• _Problem statement_
Could you restate exactly the lines that begin at the line with "#257=FACE_BOUND('',#256,.T.);" and end at the final line of the data?

(Records from a dataset)
##############################

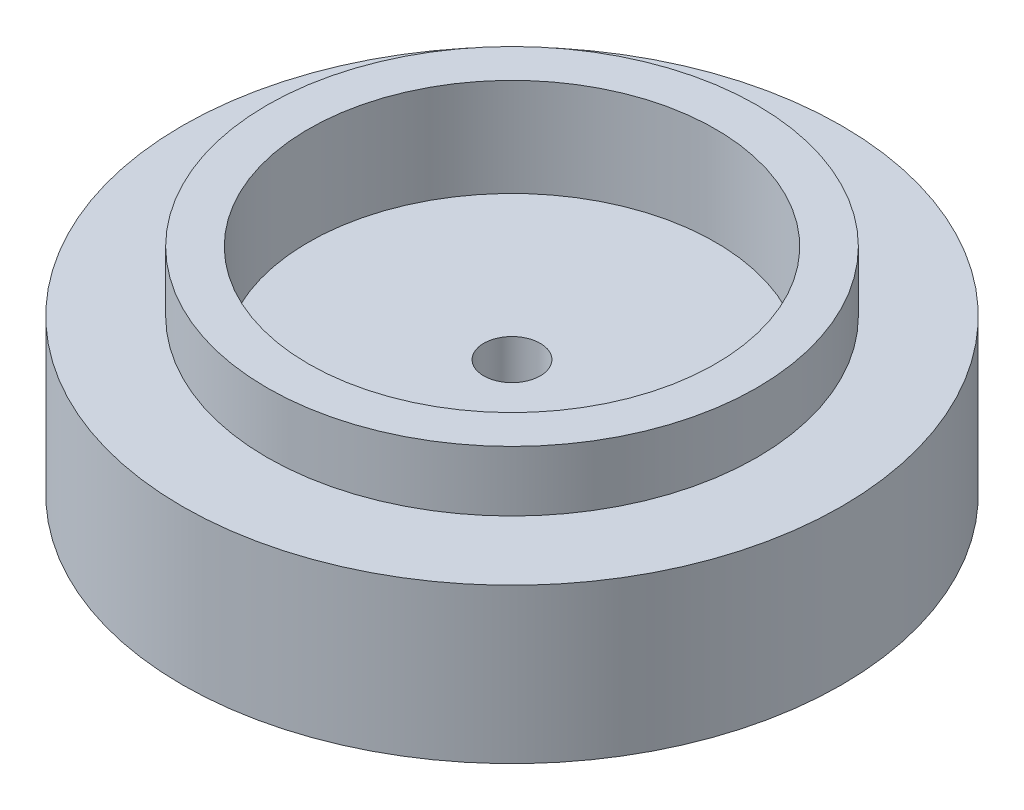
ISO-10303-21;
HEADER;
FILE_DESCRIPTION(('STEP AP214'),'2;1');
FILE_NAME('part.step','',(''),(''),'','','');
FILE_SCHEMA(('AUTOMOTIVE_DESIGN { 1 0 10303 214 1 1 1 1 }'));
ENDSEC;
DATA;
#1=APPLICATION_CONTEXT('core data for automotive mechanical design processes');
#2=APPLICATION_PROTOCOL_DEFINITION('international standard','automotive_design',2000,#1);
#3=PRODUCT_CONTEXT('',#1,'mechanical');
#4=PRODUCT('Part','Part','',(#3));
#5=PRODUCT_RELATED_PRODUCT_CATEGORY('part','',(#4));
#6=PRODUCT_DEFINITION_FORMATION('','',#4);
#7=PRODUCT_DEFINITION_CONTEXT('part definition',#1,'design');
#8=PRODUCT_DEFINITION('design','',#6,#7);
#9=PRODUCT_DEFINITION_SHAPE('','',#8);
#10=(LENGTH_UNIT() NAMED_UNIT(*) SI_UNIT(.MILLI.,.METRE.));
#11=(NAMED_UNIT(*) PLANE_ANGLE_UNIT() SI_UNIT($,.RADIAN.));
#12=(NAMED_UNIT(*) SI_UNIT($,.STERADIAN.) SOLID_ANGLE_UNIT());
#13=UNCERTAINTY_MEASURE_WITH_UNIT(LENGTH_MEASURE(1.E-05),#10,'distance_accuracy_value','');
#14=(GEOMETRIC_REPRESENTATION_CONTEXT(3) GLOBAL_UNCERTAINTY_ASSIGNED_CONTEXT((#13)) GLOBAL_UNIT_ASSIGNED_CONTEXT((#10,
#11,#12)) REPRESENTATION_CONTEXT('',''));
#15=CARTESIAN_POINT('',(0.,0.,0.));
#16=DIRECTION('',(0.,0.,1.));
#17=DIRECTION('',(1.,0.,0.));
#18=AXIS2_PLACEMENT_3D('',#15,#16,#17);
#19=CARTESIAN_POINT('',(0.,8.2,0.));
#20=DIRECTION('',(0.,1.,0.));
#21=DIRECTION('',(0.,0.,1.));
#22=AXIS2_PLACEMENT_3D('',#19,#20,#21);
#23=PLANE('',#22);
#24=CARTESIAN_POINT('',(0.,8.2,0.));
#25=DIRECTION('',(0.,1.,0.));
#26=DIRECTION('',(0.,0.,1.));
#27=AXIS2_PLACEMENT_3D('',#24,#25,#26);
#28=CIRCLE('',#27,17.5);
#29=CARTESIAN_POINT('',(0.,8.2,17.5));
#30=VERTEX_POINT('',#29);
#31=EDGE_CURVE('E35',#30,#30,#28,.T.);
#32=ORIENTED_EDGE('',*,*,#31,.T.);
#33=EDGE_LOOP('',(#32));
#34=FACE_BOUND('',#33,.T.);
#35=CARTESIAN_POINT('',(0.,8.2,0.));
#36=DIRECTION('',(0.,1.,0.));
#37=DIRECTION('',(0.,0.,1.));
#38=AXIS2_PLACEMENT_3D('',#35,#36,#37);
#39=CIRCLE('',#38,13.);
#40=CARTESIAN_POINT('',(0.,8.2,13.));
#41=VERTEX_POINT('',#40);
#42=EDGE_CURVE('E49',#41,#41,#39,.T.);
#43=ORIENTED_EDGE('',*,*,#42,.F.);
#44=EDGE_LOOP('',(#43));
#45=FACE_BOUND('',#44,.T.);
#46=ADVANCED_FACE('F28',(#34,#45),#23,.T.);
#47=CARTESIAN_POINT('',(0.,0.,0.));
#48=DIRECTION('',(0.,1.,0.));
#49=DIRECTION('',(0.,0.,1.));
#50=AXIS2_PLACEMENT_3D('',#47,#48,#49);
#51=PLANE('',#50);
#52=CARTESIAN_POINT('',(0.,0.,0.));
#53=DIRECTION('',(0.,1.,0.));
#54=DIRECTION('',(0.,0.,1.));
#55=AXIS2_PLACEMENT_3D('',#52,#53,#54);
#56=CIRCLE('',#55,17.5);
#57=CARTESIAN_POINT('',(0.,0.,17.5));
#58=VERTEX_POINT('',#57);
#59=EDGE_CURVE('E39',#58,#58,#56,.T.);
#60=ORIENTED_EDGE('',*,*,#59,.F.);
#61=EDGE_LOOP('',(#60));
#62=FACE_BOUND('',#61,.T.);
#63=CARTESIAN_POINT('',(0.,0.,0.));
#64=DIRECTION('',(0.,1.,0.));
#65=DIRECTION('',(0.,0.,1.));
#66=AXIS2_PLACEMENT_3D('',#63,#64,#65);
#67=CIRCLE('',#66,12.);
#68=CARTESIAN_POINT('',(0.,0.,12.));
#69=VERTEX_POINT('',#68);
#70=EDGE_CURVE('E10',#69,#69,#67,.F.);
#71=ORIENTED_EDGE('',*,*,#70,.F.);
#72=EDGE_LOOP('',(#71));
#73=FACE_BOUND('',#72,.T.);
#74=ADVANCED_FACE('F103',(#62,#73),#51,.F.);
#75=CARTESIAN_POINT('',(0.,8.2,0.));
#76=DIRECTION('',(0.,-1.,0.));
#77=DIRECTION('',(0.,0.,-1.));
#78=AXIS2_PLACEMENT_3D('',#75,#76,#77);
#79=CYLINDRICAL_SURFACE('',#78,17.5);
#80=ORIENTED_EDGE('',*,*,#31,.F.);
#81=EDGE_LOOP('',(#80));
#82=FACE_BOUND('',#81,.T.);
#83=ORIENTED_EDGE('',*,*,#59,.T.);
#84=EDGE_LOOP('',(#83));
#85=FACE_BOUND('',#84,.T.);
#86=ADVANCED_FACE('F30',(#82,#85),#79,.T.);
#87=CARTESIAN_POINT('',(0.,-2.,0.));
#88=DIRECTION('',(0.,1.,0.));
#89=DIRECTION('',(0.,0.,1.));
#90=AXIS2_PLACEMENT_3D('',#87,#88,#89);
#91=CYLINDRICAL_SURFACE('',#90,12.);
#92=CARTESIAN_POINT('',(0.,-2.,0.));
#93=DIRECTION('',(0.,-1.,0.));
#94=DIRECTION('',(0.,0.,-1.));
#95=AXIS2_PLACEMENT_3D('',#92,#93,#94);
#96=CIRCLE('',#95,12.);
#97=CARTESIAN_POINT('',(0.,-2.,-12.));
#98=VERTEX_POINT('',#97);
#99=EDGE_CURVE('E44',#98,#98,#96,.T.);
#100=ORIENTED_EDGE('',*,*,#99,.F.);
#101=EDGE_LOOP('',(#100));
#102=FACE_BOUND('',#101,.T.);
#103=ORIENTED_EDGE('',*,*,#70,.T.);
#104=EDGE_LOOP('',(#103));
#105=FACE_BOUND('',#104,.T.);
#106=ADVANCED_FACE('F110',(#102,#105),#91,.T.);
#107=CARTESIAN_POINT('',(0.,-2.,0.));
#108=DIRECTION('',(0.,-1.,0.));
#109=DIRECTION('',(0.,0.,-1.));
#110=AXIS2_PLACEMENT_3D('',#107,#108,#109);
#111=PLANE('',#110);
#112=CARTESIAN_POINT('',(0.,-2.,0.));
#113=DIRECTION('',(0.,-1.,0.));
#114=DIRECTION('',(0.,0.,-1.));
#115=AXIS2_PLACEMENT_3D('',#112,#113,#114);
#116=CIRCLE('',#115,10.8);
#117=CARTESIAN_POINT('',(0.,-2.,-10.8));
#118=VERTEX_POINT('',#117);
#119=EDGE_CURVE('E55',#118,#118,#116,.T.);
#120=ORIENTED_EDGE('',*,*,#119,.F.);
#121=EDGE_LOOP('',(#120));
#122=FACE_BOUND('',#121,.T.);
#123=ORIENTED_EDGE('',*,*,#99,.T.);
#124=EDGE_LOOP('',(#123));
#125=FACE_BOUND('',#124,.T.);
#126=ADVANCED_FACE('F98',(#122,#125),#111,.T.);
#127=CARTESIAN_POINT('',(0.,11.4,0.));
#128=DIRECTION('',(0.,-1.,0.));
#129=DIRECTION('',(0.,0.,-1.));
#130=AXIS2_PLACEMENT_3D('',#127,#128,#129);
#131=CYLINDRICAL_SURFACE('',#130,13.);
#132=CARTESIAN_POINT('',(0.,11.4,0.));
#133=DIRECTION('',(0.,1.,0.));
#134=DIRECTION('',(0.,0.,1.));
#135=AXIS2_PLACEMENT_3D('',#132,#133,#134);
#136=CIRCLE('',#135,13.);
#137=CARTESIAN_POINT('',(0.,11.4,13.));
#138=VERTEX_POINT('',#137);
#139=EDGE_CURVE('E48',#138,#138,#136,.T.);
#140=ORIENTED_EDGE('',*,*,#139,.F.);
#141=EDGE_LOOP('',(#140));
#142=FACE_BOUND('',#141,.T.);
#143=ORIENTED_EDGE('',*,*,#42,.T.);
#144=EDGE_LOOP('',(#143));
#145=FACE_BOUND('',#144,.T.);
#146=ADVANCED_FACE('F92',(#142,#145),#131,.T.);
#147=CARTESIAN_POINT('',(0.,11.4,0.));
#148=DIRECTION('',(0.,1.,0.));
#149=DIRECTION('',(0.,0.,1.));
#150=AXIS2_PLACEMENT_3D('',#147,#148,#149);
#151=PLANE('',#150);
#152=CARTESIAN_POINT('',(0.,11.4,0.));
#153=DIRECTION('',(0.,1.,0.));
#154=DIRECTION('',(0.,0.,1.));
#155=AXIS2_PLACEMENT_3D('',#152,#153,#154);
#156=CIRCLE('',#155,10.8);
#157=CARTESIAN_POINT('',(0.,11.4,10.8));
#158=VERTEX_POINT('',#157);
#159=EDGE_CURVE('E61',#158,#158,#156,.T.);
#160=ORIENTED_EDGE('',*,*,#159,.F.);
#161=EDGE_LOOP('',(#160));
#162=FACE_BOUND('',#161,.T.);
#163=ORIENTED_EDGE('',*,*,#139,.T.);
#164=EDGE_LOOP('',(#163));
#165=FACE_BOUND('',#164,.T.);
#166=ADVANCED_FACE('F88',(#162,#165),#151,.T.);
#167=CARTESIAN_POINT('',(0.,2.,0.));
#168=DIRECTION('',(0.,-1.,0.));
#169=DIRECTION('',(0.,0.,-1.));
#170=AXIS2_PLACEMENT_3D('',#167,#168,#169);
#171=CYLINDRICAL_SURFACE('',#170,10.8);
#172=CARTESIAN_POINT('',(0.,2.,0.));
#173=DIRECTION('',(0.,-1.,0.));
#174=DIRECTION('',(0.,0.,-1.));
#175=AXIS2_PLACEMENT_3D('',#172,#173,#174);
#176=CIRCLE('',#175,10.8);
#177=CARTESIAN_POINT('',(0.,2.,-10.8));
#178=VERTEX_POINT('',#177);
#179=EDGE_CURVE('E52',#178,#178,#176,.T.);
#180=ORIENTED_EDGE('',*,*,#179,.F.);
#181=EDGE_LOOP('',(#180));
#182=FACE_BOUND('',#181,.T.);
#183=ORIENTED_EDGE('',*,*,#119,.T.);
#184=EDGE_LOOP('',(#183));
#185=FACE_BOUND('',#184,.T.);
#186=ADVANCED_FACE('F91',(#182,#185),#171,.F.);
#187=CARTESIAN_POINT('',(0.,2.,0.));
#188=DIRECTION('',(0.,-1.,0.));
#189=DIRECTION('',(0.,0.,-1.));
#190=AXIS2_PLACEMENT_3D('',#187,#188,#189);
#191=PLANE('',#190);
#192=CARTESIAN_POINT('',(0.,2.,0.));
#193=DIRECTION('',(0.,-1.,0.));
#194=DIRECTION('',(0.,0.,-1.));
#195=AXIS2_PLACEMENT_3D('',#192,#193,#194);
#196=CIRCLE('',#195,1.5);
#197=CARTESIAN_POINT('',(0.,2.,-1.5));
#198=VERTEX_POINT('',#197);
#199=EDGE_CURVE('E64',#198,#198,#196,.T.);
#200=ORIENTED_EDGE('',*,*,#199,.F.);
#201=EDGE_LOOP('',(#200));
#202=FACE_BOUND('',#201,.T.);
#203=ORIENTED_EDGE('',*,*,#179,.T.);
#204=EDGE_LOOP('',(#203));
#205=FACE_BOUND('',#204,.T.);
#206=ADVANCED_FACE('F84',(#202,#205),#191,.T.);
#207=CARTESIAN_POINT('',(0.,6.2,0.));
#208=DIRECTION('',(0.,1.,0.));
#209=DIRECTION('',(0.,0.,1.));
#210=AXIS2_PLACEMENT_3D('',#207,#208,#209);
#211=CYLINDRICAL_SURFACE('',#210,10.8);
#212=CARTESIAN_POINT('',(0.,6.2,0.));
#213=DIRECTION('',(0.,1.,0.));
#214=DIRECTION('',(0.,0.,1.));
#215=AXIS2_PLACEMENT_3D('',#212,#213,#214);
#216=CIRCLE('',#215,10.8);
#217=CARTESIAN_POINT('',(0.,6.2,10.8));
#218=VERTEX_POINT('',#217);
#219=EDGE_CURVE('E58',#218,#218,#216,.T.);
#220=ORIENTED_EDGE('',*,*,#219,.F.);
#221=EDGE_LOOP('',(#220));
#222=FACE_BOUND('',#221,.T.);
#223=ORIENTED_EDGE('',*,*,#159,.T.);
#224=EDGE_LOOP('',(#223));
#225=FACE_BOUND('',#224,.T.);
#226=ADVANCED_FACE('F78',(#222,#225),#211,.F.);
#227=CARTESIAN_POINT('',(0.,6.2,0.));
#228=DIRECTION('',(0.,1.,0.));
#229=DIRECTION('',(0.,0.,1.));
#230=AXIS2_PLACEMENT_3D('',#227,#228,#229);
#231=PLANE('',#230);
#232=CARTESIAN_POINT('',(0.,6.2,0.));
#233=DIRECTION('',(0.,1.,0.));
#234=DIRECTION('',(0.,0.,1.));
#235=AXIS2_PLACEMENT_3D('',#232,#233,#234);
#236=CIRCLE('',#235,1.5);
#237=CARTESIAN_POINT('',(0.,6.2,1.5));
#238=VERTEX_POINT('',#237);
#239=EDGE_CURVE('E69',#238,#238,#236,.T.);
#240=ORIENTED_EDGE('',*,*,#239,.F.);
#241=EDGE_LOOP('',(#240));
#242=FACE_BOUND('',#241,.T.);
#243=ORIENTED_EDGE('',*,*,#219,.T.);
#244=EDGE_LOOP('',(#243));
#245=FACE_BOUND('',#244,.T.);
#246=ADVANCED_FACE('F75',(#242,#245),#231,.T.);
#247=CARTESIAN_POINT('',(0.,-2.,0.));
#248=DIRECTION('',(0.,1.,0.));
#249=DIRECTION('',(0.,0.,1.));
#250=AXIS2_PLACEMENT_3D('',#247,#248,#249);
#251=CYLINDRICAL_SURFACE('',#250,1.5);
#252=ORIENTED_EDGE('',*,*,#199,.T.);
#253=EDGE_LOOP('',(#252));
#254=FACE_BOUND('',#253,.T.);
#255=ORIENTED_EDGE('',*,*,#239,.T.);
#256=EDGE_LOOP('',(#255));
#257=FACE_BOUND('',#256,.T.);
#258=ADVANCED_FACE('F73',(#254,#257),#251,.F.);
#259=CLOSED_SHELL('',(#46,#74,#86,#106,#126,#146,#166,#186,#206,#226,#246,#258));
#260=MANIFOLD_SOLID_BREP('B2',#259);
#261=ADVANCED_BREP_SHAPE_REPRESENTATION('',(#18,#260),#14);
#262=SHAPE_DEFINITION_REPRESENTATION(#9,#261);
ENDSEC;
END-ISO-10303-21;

##############################

• _Solution to this task_
#257=FACE_BOUND('',#256,.T.);
#258=ADVANCED_FACE('F73',(#254,#257),#251,.F.);
#259=CLOSED_SHELL('',(#46,#74,#86,#106,#126,#146,#166,#186,#206,#226,#246,#258));
#260=MANIFOLD_SOLID_BREP('B2',#259);
#261=ADVANCED_BREP_SHAPE_REPRESENTATION('',(#18,#260),#14);
#262=SHAPE_DEFINITION_REPRESENTATION(#9,#261);
ENDSEC;
END-ISO-10303-21;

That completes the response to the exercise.